A recent study, evaluated the psychological effects of the traumatic vaginal delivery when the pelvic floor muscles (PFM) were confirmed damaged by way of 3D and 4D imaging. Forty women were given open-ended questions regarding their experiences before, during and after pregnancy.  Their responses were as follow for the following ten categories: lack of prenatal education (29/40); no information provided on potential morbidities (36/40); conflicting advice (35/40); traumatized partners (21/40); long-term sexual dysfunction/relationship issues (27/40); no postnatal assessment of injuries (36/40);  multiple symptoms of pelvic floor dysfunction (35/40); “putting up” with injuries (36/40); symptoms of posttraumatic stress disorder (PTSD) (27/40); dismissive staff responses (26/40) (Skinner, Bryanne, Barnett & Hans, 2017).

At least once or twice a week I consult a new mom that asks me,” why didn’t someone tell me that I could have pelvic floor damage?”.  I agree, knowledge is power! There are many women who have babies without any issues at all.  Pelvic floor physical therapists, such as myself, only see those who have acquired an injury.   But, knowing about possible risk factors and knowing that there are things that can go wrong during and after delivery could be scary, but, less traumatizing if anticipation was there.

Equally, women with C-section scars, experience tension along the scar site, decreased sensation and often a fragile sense of vulnerability due to weakness of the abdominal wall and other symptoms related to an abdominal surgery.  Both groups of women, report of decreased quality of life due to physical and psychological effects.

As health care providers we are responsible to educate and provide the support necessary   to ensure every new mom feels whole again after giving birth.

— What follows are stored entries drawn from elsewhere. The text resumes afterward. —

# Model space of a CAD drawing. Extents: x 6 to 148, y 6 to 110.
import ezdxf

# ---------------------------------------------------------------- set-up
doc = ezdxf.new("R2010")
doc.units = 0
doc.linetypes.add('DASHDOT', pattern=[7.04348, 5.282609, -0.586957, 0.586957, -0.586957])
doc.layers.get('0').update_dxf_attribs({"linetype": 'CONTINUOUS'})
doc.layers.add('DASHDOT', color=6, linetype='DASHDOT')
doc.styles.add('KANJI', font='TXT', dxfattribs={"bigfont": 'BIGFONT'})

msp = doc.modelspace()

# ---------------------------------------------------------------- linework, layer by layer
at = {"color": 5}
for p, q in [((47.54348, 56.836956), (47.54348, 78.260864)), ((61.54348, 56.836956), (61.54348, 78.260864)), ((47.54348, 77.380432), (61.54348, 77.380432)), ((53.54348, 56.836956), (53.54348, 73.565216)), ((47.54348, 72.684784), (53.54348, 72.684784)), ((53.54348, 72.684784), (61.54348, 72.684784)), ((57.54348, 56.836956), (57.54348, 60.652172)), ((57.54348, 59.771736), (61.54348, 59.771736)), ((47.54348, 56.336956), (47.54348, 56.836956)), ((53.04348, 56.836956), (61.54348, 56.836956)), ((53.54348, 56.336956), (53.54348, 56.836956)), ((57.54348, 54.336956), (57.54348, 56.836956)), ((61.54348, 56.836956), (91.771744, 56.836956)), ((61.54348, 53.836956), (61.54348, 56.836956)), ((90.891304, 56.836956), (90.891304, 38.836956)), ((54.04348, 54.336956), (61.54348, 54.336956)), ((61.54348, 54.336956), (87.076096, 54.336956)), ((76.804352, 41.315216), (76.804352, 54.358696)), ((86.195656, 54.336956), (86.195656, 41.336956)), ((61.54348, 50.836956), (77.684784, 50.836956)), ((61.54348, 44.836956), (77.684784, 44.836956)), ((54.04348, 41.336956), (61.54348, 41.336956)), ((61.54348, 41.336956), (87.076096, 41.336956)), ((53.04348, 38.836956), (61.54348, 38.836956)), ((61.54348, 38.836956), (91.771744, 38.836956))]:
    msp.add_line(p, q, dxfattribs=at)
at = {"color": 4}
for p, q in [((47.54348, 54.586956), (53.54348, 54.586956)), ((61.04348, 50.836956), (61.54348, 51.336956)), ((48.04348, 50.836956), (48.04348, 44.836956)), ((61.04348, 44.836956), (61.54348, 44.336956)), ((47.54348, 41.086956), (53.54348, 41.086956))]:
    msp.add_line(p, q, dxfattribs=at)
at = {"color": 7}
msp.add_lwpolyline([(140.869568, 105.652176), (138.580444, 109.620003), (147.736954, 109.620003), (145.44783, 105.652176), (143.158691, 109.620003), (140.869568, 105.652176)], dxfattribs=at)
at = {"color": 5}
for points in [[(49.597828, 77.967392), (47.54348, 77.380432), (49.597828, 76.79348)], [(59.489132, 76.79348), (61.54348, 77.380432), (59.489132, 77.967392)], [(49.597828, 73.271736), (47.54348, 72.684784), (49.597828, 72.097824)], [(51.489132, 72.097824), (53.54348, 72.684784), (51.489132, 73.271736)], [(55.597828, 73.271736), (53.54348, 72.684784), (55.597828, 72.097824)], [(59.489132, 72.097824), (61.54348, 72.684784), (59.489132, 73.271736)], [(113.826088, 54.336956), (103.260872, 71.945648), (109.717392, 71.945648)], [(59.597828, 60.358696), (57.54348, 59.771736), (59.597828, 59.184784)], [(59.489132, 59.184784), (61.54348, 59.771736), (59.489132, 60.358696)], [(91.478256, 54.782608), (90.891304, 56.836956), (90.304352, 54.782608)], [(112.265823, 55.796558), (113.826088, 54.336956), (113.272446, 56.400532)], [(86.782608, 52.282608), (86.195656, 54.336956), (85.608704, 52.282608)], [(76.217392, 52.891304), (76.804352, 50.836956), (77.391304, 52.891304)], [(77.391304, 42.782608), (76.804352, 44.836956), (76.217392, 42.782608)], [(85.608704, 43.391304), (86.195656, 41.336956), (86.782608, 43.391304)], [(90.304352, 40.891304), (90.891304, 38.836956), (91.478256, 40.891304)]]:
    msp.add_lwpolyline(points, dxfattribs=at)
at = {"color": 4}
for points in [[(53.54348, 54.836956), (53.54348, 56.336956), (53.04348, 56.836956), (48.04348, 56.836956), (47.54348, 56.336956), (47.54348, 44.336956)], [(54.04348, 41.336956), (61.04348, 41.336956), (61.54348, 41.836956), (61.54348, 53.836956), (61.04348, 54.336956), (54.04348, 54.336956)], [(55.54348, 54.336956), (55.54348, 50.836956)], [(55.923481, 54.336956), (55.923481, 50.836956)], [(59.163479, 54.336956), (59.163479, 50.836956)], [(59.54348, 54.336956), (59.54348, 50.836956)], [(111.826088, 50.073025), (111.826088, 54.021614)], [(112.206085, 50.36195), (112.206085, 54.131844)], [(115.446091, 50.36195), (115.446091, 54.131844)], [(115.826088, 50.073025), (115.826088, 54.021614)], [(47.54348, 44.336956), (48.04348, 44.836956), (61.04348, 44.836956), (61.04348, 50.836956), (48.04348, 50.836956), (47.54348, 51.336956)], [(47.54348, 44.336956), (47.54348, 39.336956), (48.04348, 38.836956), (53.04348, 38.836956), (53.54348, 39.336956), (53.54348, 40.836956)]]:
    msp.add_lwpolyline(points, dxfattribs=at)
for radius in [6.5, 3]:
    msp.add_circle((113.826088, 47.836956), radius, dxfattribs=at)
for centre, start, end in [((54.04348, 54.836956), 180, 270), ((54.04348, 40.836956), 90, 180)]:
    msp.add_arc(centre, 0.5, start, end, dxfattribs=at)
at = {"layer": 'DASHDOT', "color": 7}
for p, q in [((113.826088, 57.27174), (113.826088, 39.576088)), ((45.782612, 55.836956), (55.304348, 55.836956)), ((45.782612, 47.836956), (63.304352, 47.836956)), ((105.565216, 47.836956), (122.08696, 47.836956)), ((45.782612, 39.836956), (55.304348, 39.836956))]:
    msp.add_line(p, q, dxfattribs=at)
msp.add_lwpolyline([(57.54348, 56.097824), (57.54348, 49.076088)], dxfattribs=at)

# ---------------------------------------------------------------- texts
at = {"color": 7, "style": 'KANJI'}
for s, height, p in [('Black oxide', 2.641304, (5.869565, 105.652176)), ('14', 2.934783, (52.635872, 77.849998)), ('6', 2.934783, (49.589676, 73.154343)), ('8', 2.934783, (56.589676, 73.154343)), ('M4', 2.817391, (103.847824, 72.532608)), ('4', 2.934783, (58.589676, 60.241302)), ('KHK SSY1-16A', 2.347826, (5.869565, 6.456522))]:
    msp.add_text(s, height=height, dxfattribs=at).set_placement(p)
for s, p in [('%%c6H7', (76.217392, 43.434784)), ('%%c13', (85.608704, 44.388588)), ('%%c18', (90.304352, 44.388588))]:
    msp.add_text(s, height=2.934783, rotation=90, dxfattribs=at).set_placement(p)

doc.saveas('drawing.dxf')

As a woman, I encourage other woman to ask for help when things don’t feel right.  When it comes to other aspects of life, we are encouraged not to “put up” with what is not right.  Do not put up with pain, or incontinence or fatigue or sadness…..you are not ok until you  return to full health, both physically and emotionally, even if your baby is in college!

Therefore, it is never too late to address the lingering issues postpartum.  If you have issues with incontinence, weak and stretched abdominal muscles or pelvic pain or even if you just think you could be better, don’t put it off or dismiss yourself.  Seek advice from your primary care, gynecologist, or see a physical therapist that specializes in pelvic floor rehabilitation.   There is hope, and things can be a lot better, but not until you take the first step.